> Aim of the task: The text of every record, exactly as given and with no pictures, should be your output.

BEGIN Entries shown

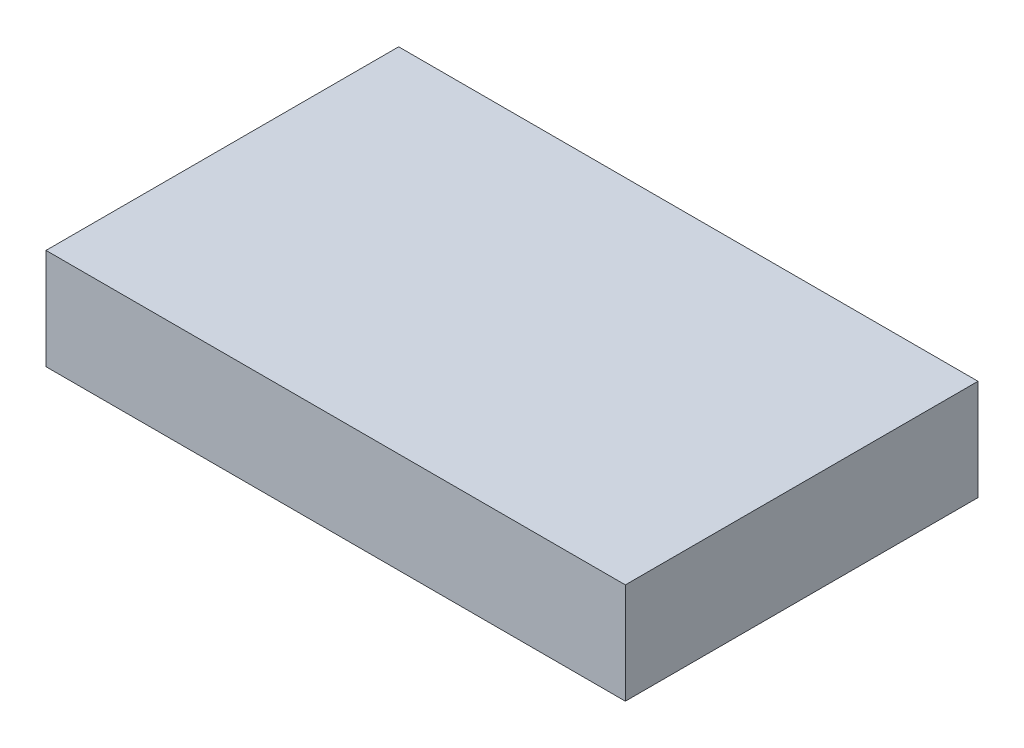
SolidWorks part; units mm, degrees
ref_plane "Front Plane" through (0, 0, 0) normal (0, 0, 1) x (1, 0, 0)
ref_plane "Top Plane" through (0, 0, 0) normal (0, 1, 0) x (1, 0, 0)
ref_plane "Right Plane" through (0, 0, 0) normal (1, 0, 0) x (0, 0, -1)
sketch "Sketch1" plane through (0, 0, 0) normal (0, 1, 0) x (1, 0, 0)
  line L1 (-57.5, -35) -> (57.5, -35)
  line L2 (-57.5, -35) -> (-57.5, 35)
  line L3 (-57.5, 35) -> (57.5, 35)
  line L4 (57.5, -35) -> (57.5, 35)
  line L5 (0, 35) -> (0, -35) construction
  line L6 (-57.5, 0) -> (57.5, 0) construction
  point P0 (0, 0)
  dimension "D1" = 115
  dimension "D2" = 70
extrude "Boss-Extrude1" add sketch "Sketch1" along normal blind 20

END Entries shown

> Output below:
SolidWorks part; units mm, degrees
ref_plane "Front Plane" through (0, 0, 0) normal (0, 0, 1) x (1, 0, 0)
ref_plane "Top Plane" through (0, 0, 0) normal (0, 1, 0) x (1, 0, 0)
ref_plane "Right Plane" through (0, 0, 0) normal (1, 0, 0) x (0, 0, -1)
sketch "Sketch1" plane through (0, 0, 0) normal (0, 1, 0) x (1, 0, 0)
  line L1 (-57.5, -35) -> (57.5, -35)
  line L2 (-57.5, -35) -> (-57.5, 35)
  line L3 (-57.5, 35) -> (57.5, 35)
  line L4 (57.5, -35) -> (57.5, 35)
  line L5 (0, 35) -> (0, -35) construction
  line L6 (-57.5, 0) -> (57.5, 0) construction
  point P0 (0, 0)
  dimension "D1" = 115
  dimension "D2" = 70
extrude "Boss-Extrude1" add sketch "Sketch1" along normal blind 20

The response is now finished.